Show the lines below where "Butterworth" occurs.

DATA RECORDS:

- Opening Delimiter -

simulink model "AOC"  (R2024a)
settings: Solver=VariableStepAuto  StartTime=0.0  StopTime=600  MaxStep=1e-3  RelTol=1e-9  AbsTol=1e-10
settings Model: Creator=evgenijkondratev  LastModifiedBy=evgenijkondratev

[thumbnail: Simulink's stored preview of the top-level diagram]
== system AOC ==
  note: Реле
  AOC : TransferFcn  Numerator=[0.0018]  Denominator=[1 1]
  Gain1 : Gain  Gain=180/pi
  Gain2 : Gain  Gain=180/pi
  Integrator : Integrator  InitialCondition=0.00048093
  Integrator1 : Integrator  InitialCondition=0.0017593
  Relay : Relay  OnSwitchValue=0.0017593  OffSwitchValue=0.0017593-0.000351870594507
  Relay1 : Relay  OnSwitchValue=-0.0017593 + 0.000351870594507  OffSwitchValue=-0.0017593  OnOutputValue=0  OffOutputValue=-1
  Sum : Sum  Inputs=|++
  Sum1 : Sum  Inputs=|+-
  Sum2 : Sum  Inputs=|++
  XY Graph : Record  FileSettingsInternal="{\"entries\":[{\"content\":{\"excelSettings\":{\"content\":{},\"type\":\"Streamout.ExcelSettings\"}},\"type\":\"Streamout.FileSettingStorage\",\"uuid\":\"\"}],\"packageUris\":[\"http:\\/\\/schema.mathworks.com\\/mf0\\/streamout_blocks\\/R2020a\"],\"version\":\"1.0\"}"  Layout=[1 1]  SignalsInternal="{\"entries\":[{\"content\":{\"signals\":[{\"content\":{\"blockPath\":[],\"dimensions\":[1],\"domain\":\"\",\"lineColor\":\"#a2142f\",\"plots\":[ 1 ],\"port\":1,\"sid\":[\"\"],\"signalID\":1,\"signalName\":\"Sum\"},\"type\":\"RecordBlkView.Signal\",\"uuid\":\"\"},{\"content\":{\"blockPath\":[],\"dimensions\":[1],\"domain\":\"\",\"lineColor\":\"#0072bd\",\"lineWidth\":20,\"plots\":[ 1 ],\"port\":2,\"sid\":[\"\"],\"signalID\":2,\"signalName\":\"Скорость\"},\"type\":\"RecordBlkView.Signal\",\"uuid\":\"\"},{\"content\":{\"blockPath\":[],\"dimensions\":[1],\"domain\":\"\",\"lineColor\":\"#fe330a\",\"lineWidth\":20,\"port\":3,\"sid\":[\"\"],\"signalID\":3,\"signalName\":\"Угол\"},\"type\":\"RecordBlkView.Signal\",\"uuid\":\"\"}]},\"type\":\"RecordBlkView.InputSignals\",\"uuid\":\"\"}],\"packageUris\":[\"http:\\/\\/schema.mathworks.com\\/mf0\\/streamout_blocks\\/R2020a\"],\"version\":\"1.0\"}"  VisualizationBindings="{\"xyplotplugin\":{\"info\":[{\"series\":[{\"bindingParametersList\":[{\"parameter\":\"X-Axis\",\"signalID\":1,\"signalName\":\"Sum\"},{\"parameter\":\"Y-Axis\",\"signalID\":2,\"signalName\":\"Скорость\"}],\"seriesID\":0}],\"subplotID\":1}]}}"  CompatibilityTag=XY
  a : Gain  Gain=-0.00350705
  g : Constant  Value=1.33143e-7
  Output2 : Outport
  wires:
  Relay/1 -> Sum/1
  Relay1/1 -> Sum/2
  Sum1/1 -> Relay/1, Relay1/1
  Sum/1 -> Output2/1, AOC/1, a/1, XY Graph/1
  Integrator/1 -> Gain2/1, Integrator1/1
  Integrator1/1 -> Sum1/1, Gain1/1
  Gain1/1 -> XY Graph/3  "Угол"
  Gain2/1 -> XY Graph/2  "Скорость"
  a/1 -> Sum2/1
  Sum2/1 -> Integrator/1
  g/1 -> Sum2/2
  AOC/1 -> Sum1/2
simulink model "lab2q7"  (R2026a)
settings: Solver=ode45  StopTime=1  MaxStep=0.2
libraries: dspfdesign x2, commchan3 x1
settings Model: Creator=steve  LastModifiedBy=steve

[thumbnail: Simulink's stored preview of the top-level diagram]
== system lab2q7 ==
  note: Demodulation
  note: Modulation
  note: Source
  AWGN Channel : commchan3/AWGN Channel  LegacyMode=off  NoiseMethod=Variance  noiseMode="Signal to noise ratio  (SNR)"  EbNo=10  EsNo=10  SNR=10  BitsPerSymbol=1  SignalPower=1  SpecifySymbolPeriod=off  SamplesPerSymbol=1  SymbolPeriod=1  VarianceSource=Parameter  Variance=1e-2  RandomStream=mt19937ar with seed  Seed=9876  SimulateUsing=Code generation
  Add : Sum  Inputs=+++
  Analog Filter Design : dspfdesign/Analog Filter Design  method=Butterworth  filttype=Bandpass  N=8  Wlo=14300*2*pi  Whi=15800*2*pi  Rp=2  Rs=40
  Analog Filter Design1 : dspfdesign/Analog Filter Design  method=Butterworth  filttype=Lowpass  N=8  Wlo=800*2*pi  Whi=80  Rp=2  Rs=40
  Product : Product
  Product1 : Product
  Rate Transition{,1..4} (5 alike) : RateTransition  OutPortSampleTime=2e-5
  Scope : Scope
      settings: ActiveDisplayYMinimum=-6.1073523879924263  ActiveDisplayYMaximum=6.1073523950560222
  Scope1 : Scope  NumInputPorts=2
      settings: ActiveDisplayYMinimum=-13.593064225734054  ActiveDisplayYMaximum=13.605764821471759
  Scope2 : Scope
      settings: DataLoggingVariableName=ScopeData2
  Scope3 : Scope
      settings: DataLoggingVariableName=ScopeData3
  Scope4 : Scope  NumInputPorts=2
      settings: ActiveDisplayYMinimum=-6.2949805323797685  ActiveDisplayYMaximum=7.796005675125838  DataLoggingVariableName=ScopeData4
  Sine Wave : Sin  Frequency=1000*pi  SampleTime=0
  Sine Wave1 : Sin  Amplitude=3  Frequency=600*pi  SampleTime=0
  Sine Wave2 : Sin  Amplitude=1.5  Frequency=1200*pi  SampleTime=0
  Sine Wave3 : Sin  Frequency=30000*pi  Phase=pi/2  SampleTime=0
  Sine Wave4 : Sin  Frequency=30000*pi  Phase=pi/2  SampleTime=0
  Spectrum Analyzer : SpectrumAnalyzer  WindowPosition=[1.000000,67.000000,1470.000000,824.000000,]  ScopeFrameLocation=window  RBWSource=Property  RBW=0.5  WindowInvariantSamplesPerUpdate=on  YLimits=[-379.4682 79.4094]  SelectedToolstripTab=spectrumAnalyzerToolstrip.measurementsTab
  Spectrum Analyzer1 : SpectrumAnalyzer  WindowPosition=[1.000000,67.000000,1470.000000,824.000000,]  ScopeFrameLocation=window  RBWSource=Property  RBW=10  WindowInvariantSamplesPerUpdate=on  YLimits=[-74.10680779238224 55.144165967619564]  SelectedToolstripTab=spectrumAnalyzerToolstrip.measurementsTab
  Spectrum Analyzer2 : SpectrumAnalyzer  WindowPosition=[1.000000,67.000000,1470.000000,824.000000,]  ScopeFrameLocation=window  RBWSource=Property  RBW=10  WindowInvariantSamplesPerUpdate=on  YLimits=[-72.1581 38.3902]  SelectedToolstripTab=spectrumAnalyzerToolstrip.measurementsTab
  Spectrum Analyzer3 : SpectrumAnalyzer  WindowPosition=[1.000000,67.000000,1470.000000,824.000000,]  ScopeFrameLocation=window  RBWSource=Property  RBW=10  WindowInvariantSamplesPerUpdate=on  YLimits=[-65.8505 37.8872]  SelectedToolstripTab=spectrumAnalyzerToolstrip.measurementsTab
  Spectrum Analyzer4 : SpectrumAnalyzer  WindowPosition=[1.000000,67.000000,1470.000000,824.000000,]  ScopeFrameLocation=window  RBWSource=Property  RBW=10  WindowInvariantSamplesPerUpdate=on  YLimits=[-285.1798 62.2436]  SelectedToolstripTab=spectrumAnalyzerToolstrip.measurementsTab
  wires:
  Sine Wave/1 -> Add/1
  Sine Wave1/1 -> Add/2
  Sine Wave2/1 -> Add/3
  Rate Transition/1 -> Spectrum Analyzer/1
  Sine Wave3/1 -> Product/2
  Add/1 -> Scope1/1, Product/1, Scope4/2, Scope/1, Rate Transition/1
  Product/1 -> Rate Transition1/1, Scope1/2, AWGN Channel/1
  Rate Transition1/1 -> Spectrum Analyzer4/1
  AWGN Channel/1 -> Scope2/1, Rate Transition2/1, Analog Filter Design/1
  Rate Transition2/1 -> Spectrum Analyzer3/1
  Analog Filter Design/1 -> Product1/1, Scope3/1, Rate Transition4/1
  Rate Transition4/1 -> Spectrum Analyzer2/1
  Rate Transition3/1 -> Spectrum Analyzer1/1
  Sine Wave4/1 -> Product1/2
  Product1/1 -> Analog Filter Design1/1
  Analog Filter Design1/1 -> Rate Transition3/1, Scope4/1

- Closing Delimiter -

RESPONSE BELOW:
  Analog Filter Design : dspfdesign/Analog Filter Design  method=Butterworth  filttype=Bandpass  N=8  Wlo=14300*2*pi  Whi=15800*2*pi  Rp=2  Rs=40
  Analog Filter Design1 : dspfdesign/Analog Filter Design  method=Butterworth  filttype=Lowpass  N=8  Wlo=800*2*pi  Whi=80  Rp=2  Rs=40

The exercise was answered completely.